Our state was supposed to be a historic, four-way toss-up for governor, with two major party candidates and two independent petitioners. One of those independents, Kinky Friedman, focused his campaign on recruiting new voters, especially young people, into the election process.

So what happened? Not only was the governor's race unexpectedly boring, with the incumbent winning easily, but voter turnout actually declined. More than 4.5 million Texans voted in the 2002 general election. This year, fewer than 4.4 million did. And during these past four years, the state has gained at least a million new residents.

In Dallas County, the alleged tsunami that washed out so many GOP office holders was more like a modest swell. Turnout declined from 37.25 percent of registered voters in 2002 to 34.2 percent this year. I'm beginning to like the idea that Arizonans just rejected: anyone who votes receives a chance to win a $1 million prize. The traditional strategies for encouraging people to vote certainly aren't working.

Those of us who did vote appear as deeply divided as ever. Most Texas voters didn't want Gov. Rick Perry to serve another term, but they couldn't agree on who should take his place. Although some newcomers managed to oust incumbents in legislative races, their margins of victory were typically slim.

The same was true in most federal races where seats changed hands. Pennsylvania Senator Rick Santorum was trounced by his challenger, but Jim Webb of Virginia won his Senate seat in a 49.6 percent to 49.3 percent squeaker. The Democrats now control the U.S. House, but in the Senate, each party officially controls 49 seats. Two men elected as independents will occupy the Senate's last two seats. With that sort of party divide, it could still be hard to accomplish anything in Washington.

Last, many Republicans who lost races were moderates, the legislators most able to work across party lines. If there's one thing the GOP didn't need, it was retreating even farther to the right.

There is some good news. Many of the newly elected Democrats, at least at the national level, are conservative - the so-called Blue Dogs -- or moderate. Blue Dogs lost clout in recent years, but last week's election results show they're on the rebound. These folks are more interested in addressing policy problems than enforcing ideological purity.

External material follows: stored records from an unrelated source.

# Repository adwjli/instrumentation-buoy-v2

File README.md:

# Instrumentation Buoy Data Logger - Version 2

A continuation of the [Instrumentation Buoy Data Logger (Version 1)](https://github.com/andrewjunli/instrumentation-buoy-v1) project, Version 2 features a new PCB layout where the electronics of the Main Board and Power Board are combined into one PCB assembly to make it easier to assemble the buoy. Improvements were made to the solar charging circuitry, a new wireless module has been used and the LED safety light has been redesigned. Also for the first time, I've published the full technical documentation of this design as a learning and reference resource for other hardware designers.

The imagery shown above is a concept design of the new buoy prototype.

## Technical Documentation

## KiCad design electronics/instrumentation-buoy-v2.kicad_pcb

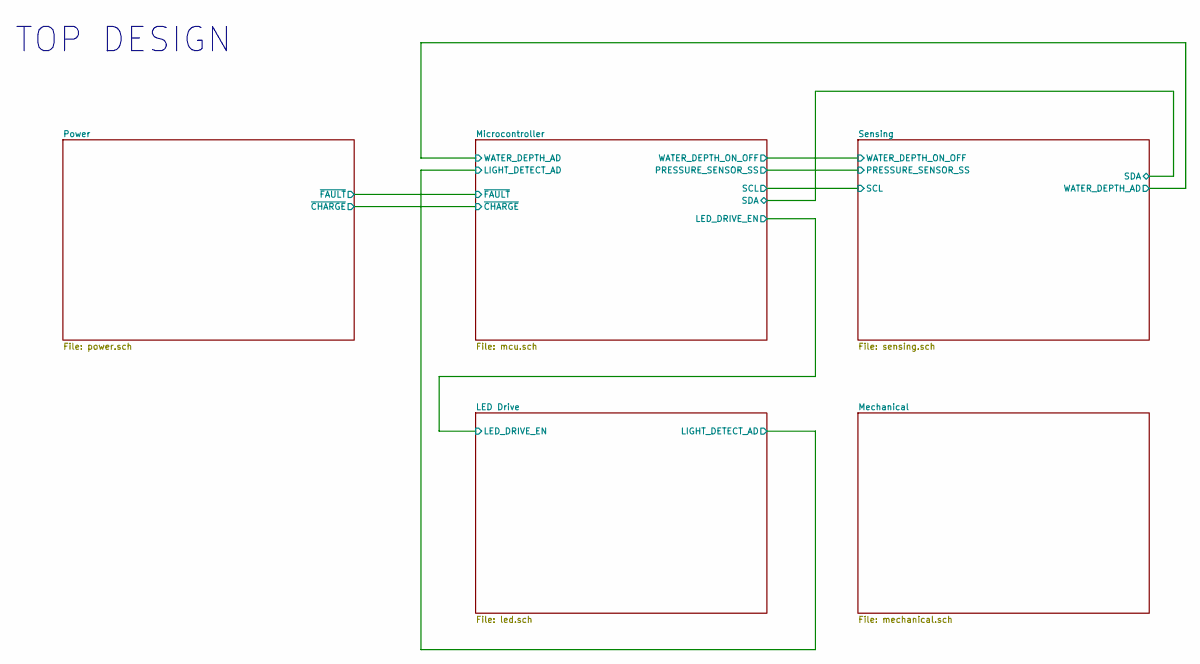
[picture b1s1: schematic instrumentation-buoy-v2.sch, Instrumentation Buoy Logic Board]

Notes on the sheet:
TOP DESIGN

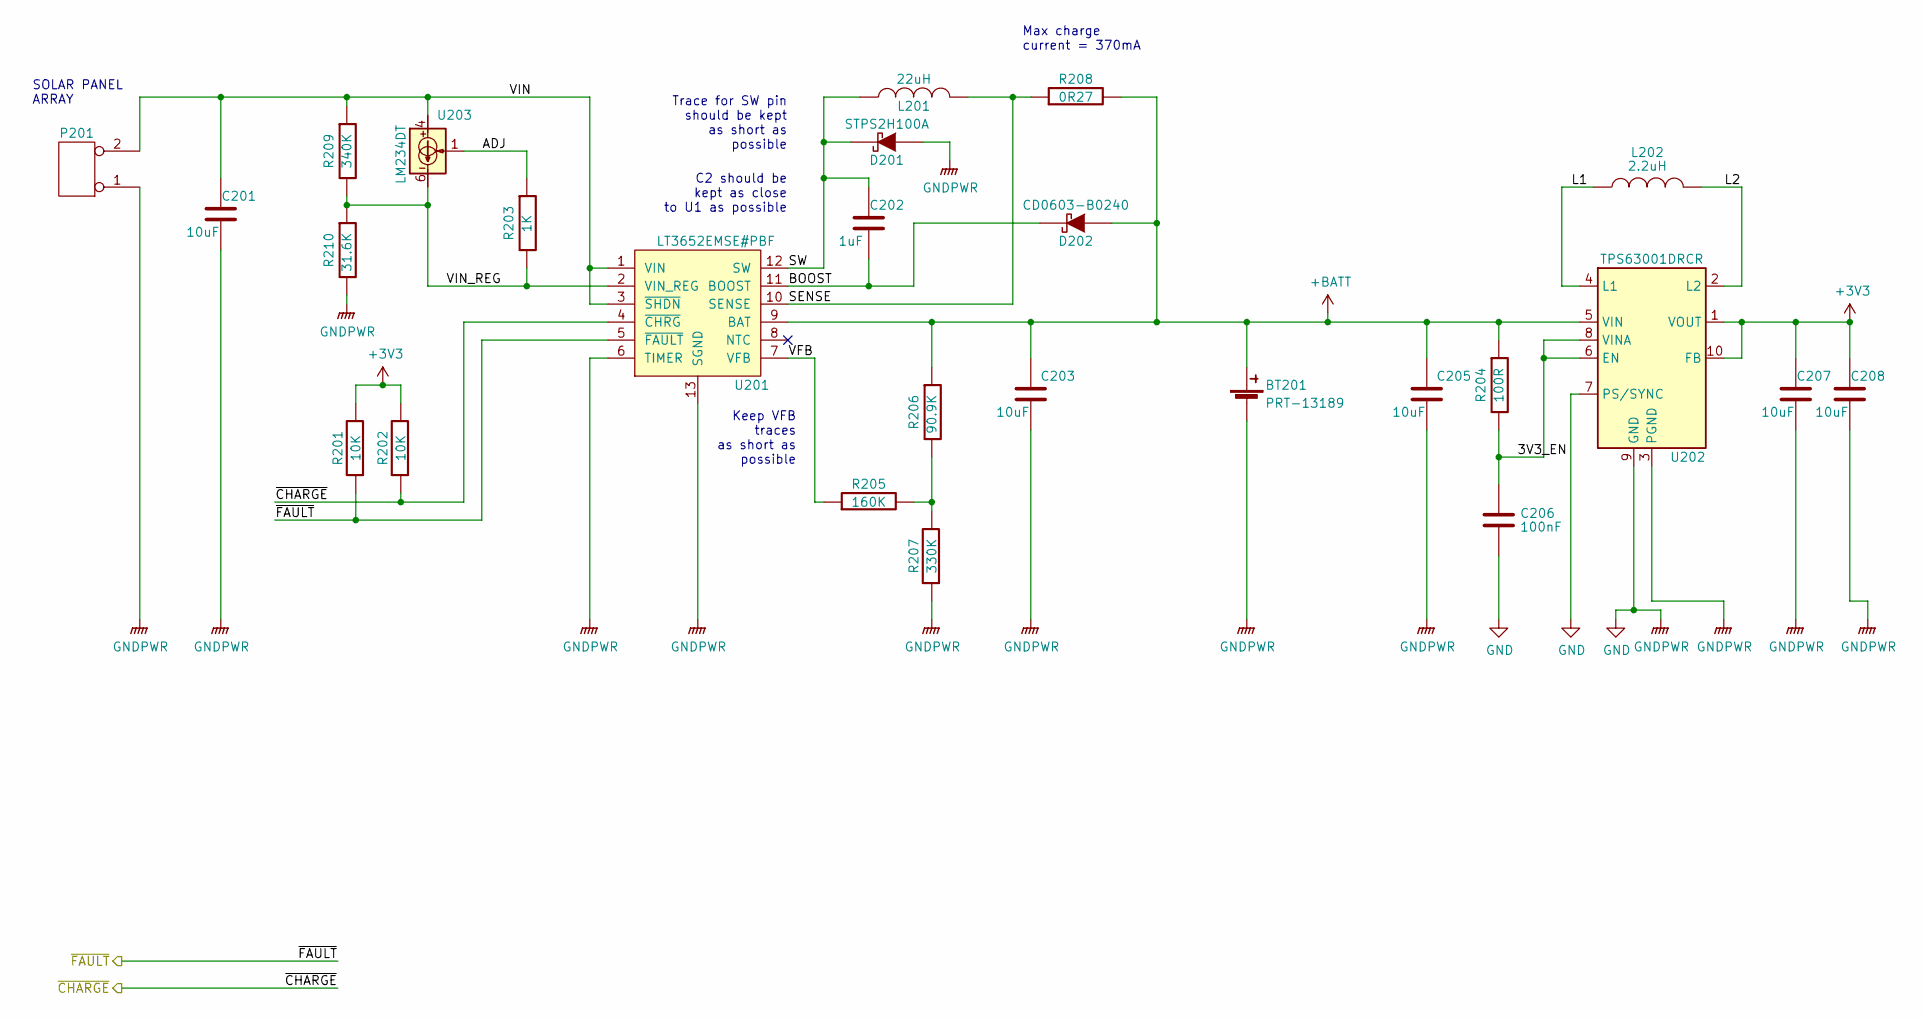
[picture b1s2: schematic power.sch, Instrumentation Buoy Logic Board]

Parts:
BT201: ECS00215; EC18650; Manufacturer Part Number PRT-13189
C201, C203: ECS00053; EC2917; Manfacturer Part Number TPSD106K035R0125
C202: ECS00052; EC0603_C; Manfacturer Part Number GRM188R61H105KAALD
C205, C207, C208: ECS00050; EC0805; Manfacturer Part Number GRM21BR61A106KE19L
C206: ECS00075; EC0603_C; Manfacturer Part Number GRM188R71C104KA01D
D201: ECS00095; ECDO-214AC(SMA); Manufacturer Part Number STPS2H100A
D202: ECS00037; EC0603_DIODE; Manufacturer Part Number CD0603-B0240
L201: ECS00071; ECS00071F; Manufacturer Part Number 46223C
L202: ECS00210; VLS3015CX-2R2M-1; Manufacturer Part Number VLS3015CX-2R2M-1
P201: ECS00004; ECS00004F; Manufacturer Part Number 22-28-4020
R201, R202: ECS00045; EC0603; Manufacturer Part Number ERJ3GEYJ103V
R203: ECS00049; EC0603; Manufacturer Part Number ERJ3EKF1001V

And there will be more veterans of recent conflicts serving in Congress. They will add a critical perspective to discussions about national security.

The governor's race didn't have the entertainment value I'd hoped for, and I'm a little worried about Dallas County's new district attorney, given his prior legal entanglements. But I asked for change, and I got it. With a little patience, even an old clunker can get you where you need to go.

Jennifer Nagorka is a writer from Dallas.